■ DATA FOR THIS TASK:
------------------------------------------------------------------------

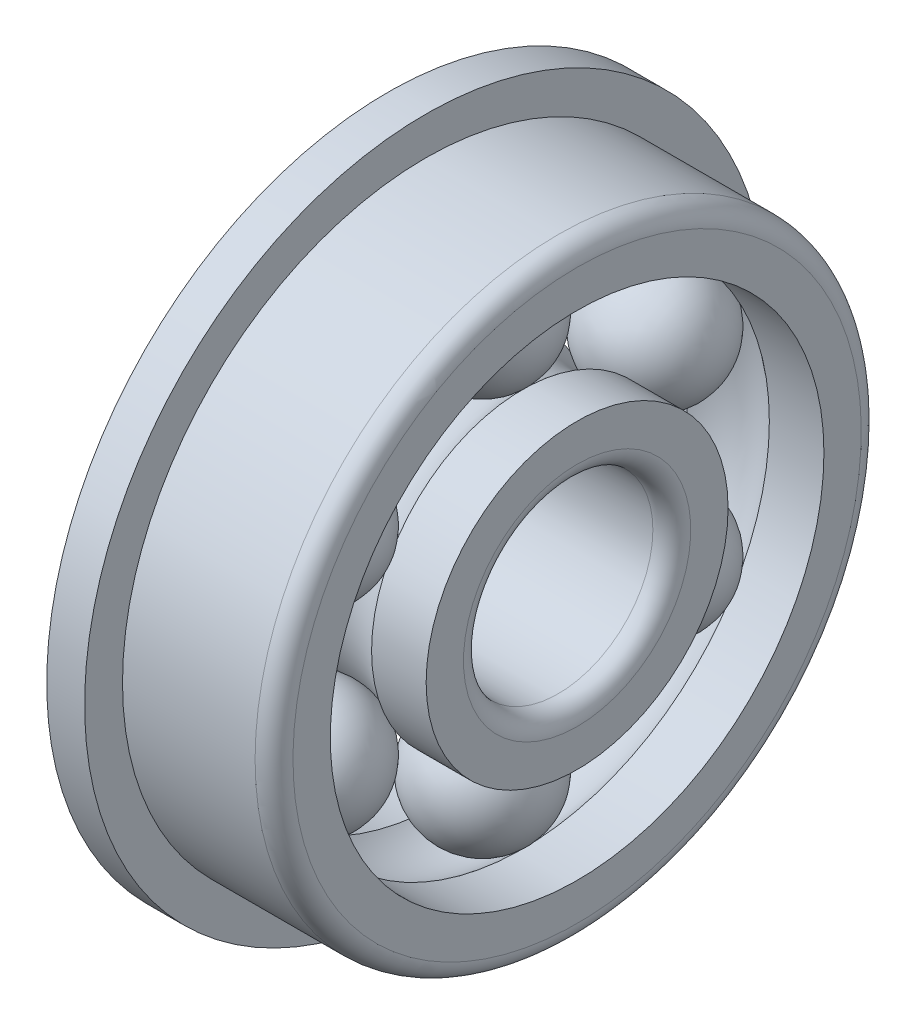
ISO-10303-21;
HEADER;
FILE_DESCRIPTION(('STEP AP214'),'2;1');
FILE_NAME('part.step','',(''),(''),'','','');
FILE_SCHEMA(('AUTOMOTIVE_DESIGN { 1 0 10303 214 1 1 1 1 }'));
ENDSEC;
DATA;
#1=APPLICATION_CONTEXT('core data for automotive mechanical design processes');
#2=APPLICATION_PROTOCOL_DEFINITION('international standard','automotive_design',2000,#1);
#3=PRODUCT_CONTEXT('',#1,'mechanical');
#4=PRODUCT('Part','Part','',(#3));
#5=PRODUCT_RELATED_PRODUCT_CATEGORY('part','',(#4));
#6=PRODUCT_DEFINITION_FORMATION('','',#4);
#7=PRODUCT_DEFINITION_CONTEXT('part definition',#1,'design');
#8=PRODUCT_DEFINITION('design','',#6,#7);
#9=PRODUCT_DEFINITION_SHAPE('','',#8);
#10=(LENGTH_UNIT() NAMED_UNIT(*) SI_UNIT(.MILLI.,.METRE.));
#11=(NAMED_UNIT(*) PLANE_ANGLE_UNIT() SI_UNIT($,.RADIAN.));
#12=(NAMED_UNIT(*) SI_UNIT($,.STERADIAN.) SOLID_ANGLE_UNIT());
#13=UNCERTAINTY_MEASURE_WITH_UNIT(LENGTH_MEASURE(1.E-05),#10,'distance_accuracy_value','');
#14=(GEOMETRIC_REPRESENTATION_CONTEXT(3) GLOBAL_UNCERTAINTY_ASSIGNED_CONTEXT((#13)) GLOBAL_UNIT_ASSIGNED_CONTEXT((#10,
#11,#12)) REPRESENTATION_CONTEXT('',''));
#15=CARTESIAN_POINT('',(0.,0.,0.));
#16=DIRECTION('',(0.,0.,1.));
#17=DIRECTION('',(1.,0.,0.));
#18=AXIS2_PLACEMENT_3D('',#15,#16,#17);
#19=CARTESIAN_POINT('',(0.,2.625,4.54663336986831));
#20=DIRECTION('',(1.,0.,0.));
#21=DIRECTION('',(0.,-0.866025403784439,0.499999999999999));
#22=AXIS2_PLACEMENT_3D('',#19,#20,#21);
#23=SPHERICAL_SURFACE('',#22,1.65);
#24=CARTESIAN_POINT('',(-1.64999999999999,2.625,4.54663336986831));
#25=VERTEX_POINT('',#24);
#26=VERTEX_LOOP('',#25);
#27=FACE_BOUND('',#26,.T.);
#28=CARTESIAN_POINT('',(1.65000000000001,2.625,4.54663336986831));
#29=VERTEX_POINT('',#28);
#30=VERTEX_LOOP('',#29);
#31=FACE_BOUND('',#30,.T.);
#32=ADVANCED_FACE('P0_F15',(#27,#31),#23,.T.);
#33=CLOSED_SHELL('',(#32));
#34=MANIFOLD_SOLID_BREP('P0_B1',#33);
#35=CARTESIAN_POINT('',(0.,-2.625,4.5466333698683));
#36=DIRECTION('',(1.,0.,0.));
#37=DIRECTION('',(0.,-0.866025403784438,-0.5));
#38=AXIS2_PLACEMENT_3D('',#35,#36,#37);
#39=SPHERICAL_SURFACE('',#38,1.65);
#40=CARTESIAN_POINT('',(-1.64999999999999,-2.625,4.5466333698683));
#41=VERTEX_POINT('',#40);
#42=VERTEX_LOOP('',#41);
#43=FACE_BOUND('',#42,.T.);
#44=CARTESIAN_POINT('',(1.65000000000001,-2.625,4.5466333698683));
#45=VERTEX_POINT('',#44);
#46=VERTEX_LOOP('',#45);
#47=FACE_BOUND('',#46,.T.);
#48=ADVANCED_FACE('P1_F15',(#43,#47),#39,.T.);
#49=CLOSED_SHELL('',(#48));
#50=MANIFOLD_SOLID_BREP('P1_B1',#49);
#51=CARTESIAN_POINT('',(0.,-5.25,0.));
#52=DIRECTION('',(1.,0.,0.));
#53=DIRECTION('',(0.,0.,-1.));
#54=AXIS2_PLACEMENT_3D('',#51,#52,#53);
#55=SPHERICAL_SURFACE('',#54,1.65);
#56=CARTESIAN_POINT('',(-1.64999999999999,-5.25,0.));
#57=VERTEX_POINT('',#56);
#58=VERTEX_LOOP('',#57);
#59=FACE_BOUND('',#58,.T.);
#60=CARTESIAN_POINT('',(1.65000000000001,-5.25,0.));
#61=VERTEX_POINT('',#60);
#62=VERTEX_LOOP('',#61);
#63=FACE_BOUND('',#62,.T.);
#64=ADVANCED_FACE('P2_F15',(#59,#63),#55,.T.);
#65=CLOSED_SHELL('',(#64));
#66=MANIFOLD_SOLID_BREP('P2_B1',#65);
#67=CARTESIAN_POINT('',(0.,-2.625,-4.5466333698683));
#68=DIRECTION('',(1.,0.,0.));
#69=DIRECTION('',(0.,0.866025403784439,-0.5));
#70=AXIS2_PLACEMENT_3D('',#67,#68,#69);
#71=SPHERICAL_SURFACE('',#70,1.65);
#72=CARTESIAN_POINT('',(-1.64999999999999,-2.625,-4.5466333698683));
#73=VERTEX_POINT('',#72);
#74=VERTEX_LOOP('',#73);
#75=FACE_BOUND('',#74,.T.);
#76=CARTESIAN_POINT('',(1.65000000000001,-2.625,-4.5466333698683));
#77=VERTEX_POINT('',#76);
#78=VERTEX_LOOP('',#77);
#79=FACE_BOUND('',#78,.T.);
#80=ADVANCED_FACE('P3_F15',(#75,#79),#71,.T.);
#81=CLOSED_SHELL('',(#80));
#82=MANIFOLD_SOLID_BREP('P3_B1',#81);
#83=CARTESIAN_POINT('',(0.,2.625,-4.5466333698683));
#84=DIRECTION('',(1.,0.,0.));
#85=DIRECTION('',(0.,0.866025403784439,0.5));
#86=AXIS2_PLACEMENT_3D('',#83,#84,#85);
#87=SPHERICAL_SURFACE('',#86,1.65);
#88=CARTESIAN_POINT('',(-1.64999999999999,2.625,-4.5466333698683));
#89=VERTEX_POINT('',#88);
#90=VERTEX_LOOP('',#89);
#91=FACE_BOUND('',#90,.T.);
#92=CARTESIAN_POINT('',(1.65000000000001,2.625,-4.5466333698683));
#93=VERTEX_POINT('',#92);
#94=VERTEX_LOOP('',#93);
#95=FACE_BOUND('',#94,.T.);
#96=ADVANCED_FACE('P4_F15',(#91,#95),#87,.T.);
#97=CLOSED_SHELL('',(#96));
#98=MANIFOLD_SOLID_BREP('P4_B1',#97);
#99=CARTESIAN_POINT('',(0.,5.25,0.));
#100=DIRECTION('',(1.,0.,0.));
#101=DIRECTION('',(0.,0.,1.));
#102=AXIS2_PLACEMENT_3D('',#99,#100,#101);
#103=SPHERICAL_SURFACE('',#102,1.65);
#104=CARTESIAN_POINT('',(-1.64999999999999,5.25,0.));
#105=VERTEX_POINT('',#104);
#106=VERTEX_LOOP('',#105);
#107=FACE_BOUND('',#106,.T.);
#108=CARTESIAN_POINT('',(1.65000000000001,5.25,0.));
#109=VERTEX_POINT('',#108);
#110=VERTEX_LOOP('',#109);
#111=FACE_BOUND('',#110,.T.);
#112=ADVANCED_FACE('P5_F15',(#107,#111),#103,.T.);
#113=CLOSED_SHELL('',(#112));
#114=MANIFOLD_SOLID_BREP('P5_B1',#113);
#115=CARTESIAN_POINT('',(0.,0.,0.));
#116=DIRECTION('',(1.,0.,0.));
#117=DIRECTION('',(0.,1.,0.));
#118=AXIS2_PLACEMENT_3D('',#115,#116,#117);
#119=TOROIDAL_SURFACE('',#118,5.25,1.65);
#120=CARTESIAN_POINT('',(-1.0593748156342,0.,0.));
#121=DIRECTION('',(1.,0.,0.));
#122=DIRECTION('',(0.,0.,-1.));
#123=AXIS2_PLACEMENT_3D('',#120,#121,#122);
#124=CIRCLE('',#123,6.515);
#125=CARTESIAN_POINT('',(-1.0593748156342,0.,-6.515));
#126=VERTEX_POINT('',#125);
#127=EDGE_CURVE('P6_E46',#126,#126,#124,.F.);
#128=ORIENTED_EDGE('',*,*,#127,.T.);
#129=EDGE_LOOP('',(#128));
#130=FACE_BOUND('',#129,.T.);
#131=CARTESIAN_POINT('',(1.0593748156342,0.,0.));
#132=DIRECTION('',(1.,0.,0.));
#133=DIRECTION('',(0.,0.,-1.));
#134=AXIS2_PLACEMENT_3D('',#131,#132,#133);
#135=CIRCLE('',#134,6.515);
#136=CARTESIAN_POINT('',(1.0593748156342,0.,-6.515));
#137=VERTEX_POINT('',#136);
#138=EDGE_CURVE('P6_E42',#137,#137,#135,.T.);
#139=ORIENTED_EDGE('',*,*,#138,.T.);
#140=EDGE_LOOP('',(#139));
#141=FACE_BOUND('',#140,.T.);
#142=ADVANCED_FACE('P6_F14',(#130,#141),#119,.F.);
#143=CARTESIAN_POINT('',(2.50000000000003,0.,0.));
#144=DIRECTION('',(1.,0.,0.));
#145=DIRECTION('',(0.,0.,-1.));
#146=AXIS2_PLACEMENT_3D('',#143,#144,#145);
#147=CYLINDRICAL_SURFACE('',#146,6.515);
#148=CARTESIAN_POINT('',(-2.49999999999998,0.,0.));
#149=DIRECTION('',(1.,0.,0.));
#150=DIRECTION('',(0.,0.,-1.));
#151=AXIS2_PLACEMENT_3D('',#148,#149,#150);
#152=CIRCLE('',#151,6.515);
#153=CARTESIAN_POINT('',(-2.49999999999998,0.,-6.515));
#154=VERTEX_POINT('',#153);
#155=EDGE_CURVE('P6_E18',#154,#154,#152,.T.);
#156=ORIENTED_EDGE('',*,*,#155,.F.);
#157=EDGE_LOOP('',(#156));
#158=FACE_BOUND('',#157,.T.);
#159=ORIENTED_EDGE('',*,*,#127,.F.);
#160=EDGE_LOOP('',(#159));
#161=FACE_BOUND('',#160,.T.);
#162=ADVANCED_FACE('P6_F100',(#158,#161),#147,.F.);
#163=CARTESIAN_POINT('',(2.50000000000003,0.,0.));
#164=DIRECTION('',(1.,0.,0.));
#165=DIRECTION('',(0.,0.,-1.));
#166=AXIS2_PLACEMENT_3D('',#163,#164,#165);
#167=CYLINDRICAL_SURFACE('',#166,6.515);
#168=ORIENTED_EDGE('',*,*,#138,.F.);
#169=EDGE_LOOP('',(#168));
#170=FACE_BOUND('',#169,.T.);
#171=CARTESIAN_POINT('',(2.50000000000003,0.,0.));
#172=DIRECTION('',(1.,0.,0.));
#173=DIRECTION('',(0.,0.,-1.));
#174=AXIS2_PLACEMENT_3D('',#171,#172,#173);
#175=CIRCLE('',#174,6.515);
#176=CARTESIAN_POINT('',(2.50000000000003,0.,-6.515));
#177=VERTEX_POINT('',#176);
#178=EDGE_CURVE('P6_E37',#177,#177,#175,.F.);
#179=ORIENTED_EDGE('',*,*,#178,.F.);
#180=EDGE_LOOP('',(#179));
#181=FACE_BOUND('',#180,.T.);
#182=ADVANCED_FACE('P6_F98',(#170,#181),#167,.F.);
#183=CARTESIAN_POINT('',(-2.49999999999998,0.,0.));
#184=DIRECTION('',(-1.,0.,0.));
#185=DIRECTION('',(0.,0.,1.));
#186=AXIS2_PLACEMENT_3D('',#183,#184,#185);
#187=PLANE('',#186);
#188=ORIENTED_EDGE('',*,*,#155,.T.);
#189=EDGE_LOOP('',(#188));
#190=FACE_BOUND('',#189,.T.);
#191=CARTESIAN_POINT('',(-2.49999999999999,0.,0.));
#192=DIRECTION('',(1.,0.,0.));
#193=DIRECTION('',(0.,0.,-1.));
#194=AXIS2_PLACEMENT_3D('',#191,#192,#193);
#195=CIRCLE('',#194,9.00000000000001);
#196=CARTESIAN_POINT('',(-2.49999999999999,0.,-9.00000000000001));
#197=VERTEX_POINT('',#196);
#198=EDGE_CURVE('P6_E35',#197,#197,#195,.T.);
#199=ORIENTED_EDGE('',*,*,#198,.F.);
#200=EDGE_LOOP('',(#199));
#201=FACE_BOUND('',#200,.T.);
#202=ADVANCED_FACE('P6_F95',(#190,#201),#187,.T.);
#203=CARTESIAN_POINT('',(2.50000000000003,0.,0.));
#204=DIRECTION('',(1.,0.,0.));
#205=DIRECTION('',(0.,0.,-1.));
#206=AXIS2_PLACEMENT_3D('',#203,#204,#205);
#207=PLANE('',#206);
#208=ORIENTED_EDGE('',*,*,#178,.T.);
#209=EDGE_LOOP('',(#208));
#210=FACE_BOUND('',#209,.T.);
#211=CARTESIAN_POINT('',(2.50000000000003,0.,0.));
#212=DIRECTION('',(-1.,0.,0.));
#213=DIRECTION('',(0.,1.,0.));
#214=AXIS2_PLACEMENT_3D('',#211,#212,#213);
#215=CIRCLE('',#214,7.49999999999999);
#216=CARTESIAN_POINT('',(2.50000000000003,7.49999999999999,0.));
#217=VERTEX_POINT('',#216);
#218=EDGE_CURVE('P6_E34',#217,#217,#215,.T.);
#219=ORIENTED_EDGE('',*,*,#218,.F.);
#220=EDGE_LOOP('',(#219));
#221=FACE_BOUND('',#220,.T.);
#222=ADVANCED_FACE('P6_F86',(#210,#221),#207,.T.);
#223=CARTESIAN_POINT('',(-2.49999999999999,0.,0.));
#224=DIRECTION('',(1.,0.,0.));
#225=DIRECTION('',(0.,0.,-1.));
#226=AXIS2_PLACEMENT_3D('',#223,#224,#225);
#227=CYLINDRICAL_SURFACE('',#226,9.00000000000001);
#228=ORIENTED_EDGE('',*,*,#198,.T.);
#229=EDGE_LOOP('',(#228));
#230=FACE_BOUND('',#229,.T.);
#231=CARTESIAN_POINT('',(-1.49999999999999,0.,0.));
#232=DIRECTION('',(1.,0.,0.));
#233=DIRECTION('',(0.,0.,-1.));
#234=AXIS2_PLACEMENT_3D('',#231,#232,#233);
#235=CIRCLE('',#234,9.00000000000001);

------------------------------------------------------------------------

■ PROBLEM REQUIREMENTS: Restate word for word only the lines from where the entries begin through the one with "#5=PRODUCT_RELATED_PRODUCT_CATEGORY('part','',(#4));"; omit the pictures.

■ SOLUTION BELOW:
ISO-10303-21;
HEADER;
FILE_DESCRIPTION(('STEP AP214'),'2;1');
FILE_NAME('part.step','',(''),(''),'','','');
FILE_SCHEMA(('AUTOMOTIVE_DESIGN { 1 0 10303 214 1 1 1 1 }'));
ENDSEC;
DATA;
#1=APPLICATION_CONTEXT('core data for automotive mechanical design processes');
#2=APPLICATION_PROTOCOL_DEFINITION('international standard','automotive_design',2000,#1);
#3=PRODUCT_CONTEXT('',#1,'mechanical');
#4=PRODUCT('Part','Part','',(#3));
#5=PRODUCT_RELATED_PRODUCT_CATEGORY('part','',(#4));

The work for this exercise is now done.